# ACTIVITY
Supply the number of lines in the listing below in which the word "made" occurs, and nothing else.
[[ GIVEN DATA open ]]
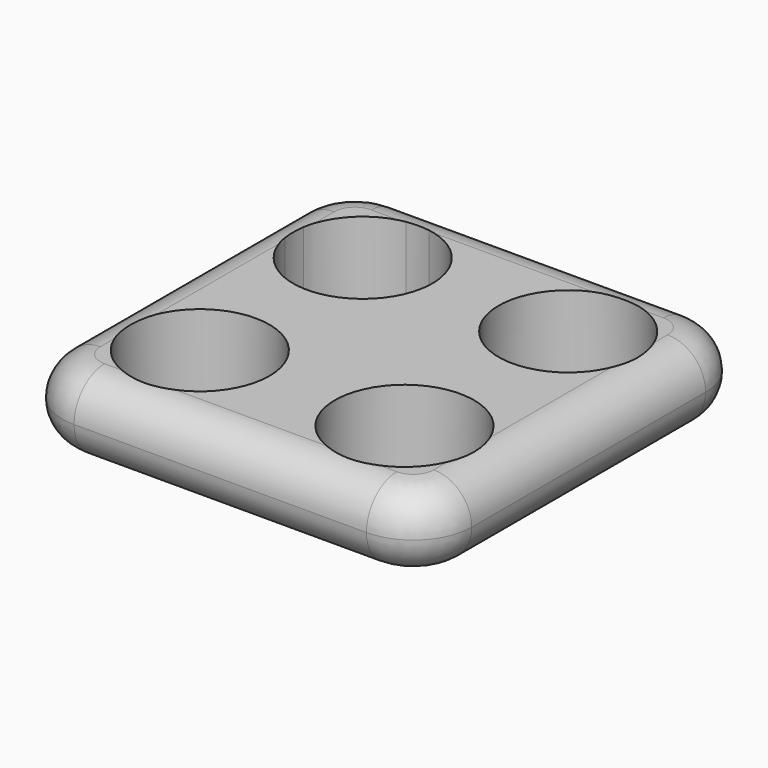
from build123d import *

# Parameters (mm, degrees)
F0_R         = 15.113
F1_DEPTH     = 16.51
F2_DEPTH     = 1.905
F3_T1_DEPTH  = 63.5
F3_T3_DEPTH  = 63.5
F3_T6_ANGLE  = 90
F3_T8_ANGLE  = 90
F3_T10_ANGLE = 90
F3_T12_ANGLE = 90
F3_T14_ANGLE = 90
F3_T16_ANGLE = 90
F3_T18_ANGLE = 90
F3_T20_ANGLE = 90


# Not quite as in the source:
# - a fillet or chamfer that OpenCascade refuses, or shapes differently, is made with other operations: its cross-section is extruded or revolved along the edge and cut away or added


with BuildPart() as f1:
    # F0 (on Top) → F1 (new body)
    with BuildSketch(Plane.XY):
        with BuildLine():
            Line((31.75, 44.45), (-31.75, 44.45))
            ThreePointArc((-31.75, 44.45), (-40.7302561211, 40.7302561211), (-44.45, 31.75))
            Line((-44.45, 31.75), (-44.45, -31.75))
            ThreePointArc((-44.45, -31.75), (-40.7302561211, -40.7302561211), (-31.75, -44.45))
            Line((-31.75, -44.45), (31.75, -44.45))
            ThreePointArc((31.75, -44.45), (40.7302561211, -40.7302561211), (44.45, -31.75))
            Line((44.45, -31.75), (44.45, 31.75))
            ThreePointArc((44.45, 31.75), (40.7302561211, 40.7302561211), (31.75, 44.45))
        make_face()
        with Locations((-22.225, -22.225)):
            Circle(F0_R, mode=Mode.SUBTRACT)
        with Locations((22.225, -22.225)):
            Circle(F0_R, mode=Mode.SUBTRACT)
        with BuildLine():
            ThreePointArc((-6.9787090866, 24.098385063), (-6.8187195919, 22.8373692451), (-6.7652637085, 21.5673692451))
            ThreePointArc((-6.7652637085, 21.5673692451), (-6.8187195919, 20.2973692451), (-6.9787090866, 19.0363534272))
            ThreePointArc((-6.9787090866, 19.0363534272), (-11.1917589244, 10.880864461), (-19.3472478905, 6.6678146232))
            ThreePointArc((-19.3472478905, 6.6678146232), (-21.8782637085, 6.4543692451), (-24.4092795264, 6.6678146232))
            ThreePointArc((-24.4092795264, 6.6678146232), (-32.5647684925, 10.880864461), (-36.7778183303, 19.0363534272))
            ThreePointArc((-36.7778183303, 19.0363534272), (-36.9912637085, 21.5673692451), (-36.7778183303, 24.098385063))
            ThreePointArc((-36.7778183303, 24.098385063), (-32.5647684925, 32.2538740292), (-24.4092795264, 36.4669238669))
            ThreePointArc((-24.4092795264, 36.4669238669), (-21.8782637085, 36.6803692451), (-19.3472478905, 36.4669238669))
            ThreePointArc((-19.3472478905, 36.4669238669), (-11.1917589244, 32.2538740292), (-6.9787090866, 24.098385063))
        make_face(mode=Mode.SUBTRACT)
        with Locations((22.225, 22.225)):
            Circle(F0_R, mode=Mode.SUBTRACT)
    extrude(amount=F1_DEPTH)

    # F0 (on Top) → F2 (join)
    with BuildSketch(Plane.XY):
        with BuildLine():
            ThreePointArc((-6.9787090866, 19.0363534272), (-6.8187195919, 20.2973692451), (-6.7652637085, 21.5673692451))
            ThreePointArc((-6.7652637085, 21.5673692451), (-6.8187195919, 22.8373692451), (-6.9787090866, 24.098385063))
            Line((-6.9787090866, 24.098385063), (-19.3472478905, 23.9739259511))
            ThreePointArc((-19.3472478905, 23.9739259511), (-18.6350300602, 22.8631283867), (-18.3857637085, 21.5673692451))
            ThreePointArc((-18.3857637085, 21.5673692451), (-18.668711127, 20.1902968152), (-19.4717070024, 19.0363534272))
            Line((-19.4717070024, 19.0363534272), (-6.9787090866, 19.0363534272))
        make_face()
        with BuildLine():
            Line((-19.3472478905, 23.9739259511), (-19.3472478905, 36.4669238669))
            ThreePointArc((-19.3472478905, 36.4669238669), (-21.8782637085, 36.6803692451), (-24.4092795264, 36.4669238669))
            Line((-24.4092795264, 36.4669238669), (-24.4092795264, 23.9739259511))
            ThreePointArc((-24.4092795264, 23.9739259511), (-21.8782637085, 25.0598692451), (-19.3472478905, 23.9739259511))
        make_face()
        with BuildLine():
            ThreePointArc((-18.3857637085, 21.5673692451), (-18.6350300602, 22.8631283867), (-19.3472478905, 23.9739259511))
            ThreePointArc((-19.3472478905, 23.9739259511), (-21.8782637085, 25.0598692451), (-24.4092795264, 23.9739259511))
            ThreePointArc((-24.4092795264, 23.9739259511), (-25.3707637085, 21.5673692451), (-24.4092795264, 19.160812539))
            ThreePointArc((-24.4092795264, 19.160812539), (-21.9662695904, 18.0759782308), (-19.4717070024, 19.0363534272))
            ThreePointArc((-19.4717070024, 19.0363534272), (-18.668711127, 20.1902968152), (-18.3857637085, 21.5673692451))
        make_face()
        with BuildLine():
            ThreePointArc((-24.4092795264, 19.160812539), (-25.3707637085, 21.5673692451), (-24.4092795264, 23.9739259511))
            Line((-24.4092795264, 23.9739259511), (-36.7778183303, 24.098385063))
            ThreePointArc((-36.7778183303, 24.098385063), (-36.9912637085, 21.5673692451), (-36.7778183303, 19.0363534272))
            Line((-36.7778183303, 19.0363534272), (-24.4092795264, 19.160812539))
        make_face()
        with BuildLine():
            ThreePointArc((-24.4092795264, 6.6678146232), (-21.8782637085, 6.4543692451), (-19.3472478905, 6.6678146232))
            Line((-19.3472478905, 6.6678146232), (-19.4717070024, 19.0363534272))
            ThreePointArc((-19.4717070024, 19.0363534272), (-21.9662695904, 18.0759782308), (-24.4092795264, 19.160812539))
            Line((-24.4092795264, 19.160812539), (-24.4092795264, 6.6678146232))
        make_face()
    extrude(amount=F2_DEPTH)

    # F3: fillet of radius 8.255 on 3 edges, made by hand

    # F3_s2 → F3_t1 (cut)
    with BuildSketch(Plane.XZ.offset(-31.75)):
        with BuildLine():
            ThreePointArc((-36.195, 16.51), (-42.0321664787, 14.0921664787), (-44.45, 8.255))
            Line((-44.45, 8.255), (-44.45, 16.51))
            Line((-44.45, 16.51), (-36.195, 16.51))
        make_face()
        with BuildLine():
            ThreePointArc((36.195, 0), (42.0321664787, 2.4178335213), (44.45, 8.255))
            Line((44.45, 8.255), (44.45, 0))
            Line((44.45, 0), (36.195, 0))
        make_face()
        with BuildLine():
            ThreePointArc((-36.195, 0), (-42.0321664787, 2.4178335213), (-44.45, 8.255))
            Line((-44.45, 8.255), (-44.45, 0))
            Line((-44.45, 0), (-36.195, 0))
        make_face()
        with BuildLine():
            ThreePointArc((36.195, 16.51), (42.0321664787, 14.0921664787), (44.45, 8.255))
            Line((44.45, 8.255), (44.45, 16.51))
            Line((44.45, 16.51), (36.195, 16.51))
        make_face()
    extrude(amount=F3_T1_DEPTH, mode=Mode.SUBTRACT)

    # F3_s4 → F3_t3 (cut)
    with BuildSketch(Plane.YZ.offset(-31.75)):
        with BuildLine():
            ThreePointArc((-36.195, 0), (-42.0321664787, 2.4178335213), (-44.45, 8.255))
            Line((-44.45, 8.255), (-44.45, 0))
            Line((-44.45, 0), (-36.195, 0))
        make_face()
        with BuildLine():
            ThreePointArc((44.45, 8.255), (42.0321664787, 2.4178335213), (36.195, 0))
            Line((36.195, 0), (44.45, 0))
            Line((44.45, 0), (44.45, 8.255))
        make_face()
        with BuildLine():
            ThreePointArc((-36.195, 16.51), (-42.0321664787, 14.0921664787), (-44.45, 8.255))
            Line((-44.45, 8.255), (-44.45, 16.51))
            Line((-44.45, 16.51), (-36.195, 16.51))
        make_face()
        with BuildLine():
            ThreePointArc((44.45, 8.255), (42.0321664787, 14.0921664787), (36.195, 16.51))
            Line((36.195, 16.51), (44.45, 16.51))
            Line((44.45, 16.51), (44.45, 8.255))
        make_face()
    extrude(amount=F3_T3_DEPTH, mode=Mode.SUBTRACT)

    # F3_s5 → F3_t6 (revolve, cut)
    with BuildSketch(Plane.YZ.offset(-31.75)):
        with BuildLine():
            ThreePointArc((44.45, 8.255), (42.0321664787, 14.0921664787), (36.195, 16.51))
            Line((36.195, 16.51), (44.45, 16.51))
            Line((44.45, 16.51), (44.45, 8.255))
        make_face()
    revolve(axis=Axis((-31.75, 31.75, 16.51), (0, 0, 1)), revolution_arc=F3_T6_ANGLE, mode=Mode.SUBTRACT)

    # F3_s7 → F3_t8 (revolve, cut)
    with BuildSketch(Plane.XZ.offset(31.75)):
        with BuildLine():
            ThreePointArc((-36.195, 0), (-42.0321664787, 2.4178335213), (-44.45, 8.255))
            Line((-44.45, 8.255), (-44.45, 0))
            Line((-44.45, 0), (-36.195, 0))
        make_face()
    revolve(axis=Axis((-31.75, -31.75, 0), (0, 0, 1)), revolution_arc=F3_T8_ANGLE, mode=Mode.SUBTRACT)

    # F3_s9 → F3_t10 (revolve, cut)
    with BuildSketch(Plane.YZ.offset(31.75)):
        with BuildLine():
            ThreePointArc((-36.195, 0), (-42.0321664787, 2.4178335213), (-44.45, 8.255))
            Line((-44.45, 8.255), (-44.45, 0))
            Line((-44.45, 0), (-36.195, 0))
        make_face()
    revolve(axis=Axis((31.75, -31.75, 0), (0, 0, 1)), revolution_arc=F3_T10_ANGLE, mode=Mode.SUBTRACT)

    # F3_s11 → F3_t12 (revolve, cut)
    with BuildSketch(Plane.XZ.offset(-31.75)):
        with BuildLine():
            ThreePointArc((44.45, 8.255), (42.0321664787, 2.4178335213), (36.195, 0))
            Line((36.195, 0), (44.45, 0))
            Line((44.45, 0), (44.45, 8.255))
        make_face()
    revolve(axis=Axis((31.75, 31.75, 0), (0, 0, 1)), revolution_arc=F3_T12_ANGLE, mode=Mode.SUBTRACT)

    # F3_s13 → F3_t14 (revolve, cut)
    with BuildSketch(Plane.YZ.offset(-31.75)):
        with BuildLine():
            ThreePointArc((44.45, 8.255), (42.0321664787, 2.4178335213), (36.195, 0))
            Line((36.195, 0), (44.45, 0))
            Line((44.45, 0), (44.45, 8.255))
        make_face()
    revolve(axis=Axis((-31.75, 31.75, 0), (0, 0, 1)), revolution_arc=F3_T14_ANGLE, mode=Mode.SUBTRACT)

    # F3_s15 → F3_t16 (revolve, cut)
    with BuildSketch(Plane.XZ.offset(31.75)):
        with BuildLine():
            ThreePointArc((-36.195, 16.51), (-42.0321664787, 14.0921664787), (-44.45, 8.255))
            Line((-44.45, 8.255), (-44.45, 16.51))
            Line((-44.45, 16.51), (-36.195, 16.51))
        make_face()
    revolve(axis=Axis((-31.75, -31.75, 16.51), (0, 0, 1)), revolution_arc=F3_T16_ANGLE, mode=Mode.SUBTRACT)

    # F3_s17 → F3_t18 (revolve, cut)
    with BuildSketch(Plane.YZ.offset(31.75)):
        with BuildLine():
            ThreePointArc((-36.195, 16.51), (-42.0321664787, 14.0921664787), (-44.45, 8.255))
            Line((-44.45, 8.255), (-44.45, 16.51))
            Line((-44.45, 16.51), (-36.195, 16.51))
        make_face()
    revolve(axis=Axis((31.75, -31.75, 16.51), (0, 0, 1)), revolution_arc=F3_T18_ANGLE, mode=Mode.SUBTRACT)

    # F3_s19 → F3_t20 (revolve, cut)
    with BuildSketch(Plane.XZ.offset(-31.75)):
        with BuildLine():
            ThreePointArc((44.45, 8.255), (42.0321664787, 14.0921664787), (36.195, 16.51))
            Line((36.195, 16.51), (44.45, 16.51))
            Line((44.45, 16.51), (44.45, 8.255))
        make_face()
    revolve(axis=Axis((31.75, 31.75, 16.51), (0, 0, 1)), revolution_arc=F3_T20_ANGLE, mode=Mode.SUBTRACT)


solid = f1.part
[[ GIVEN DATA closed ]]
# PROBLEM SOLUTION
2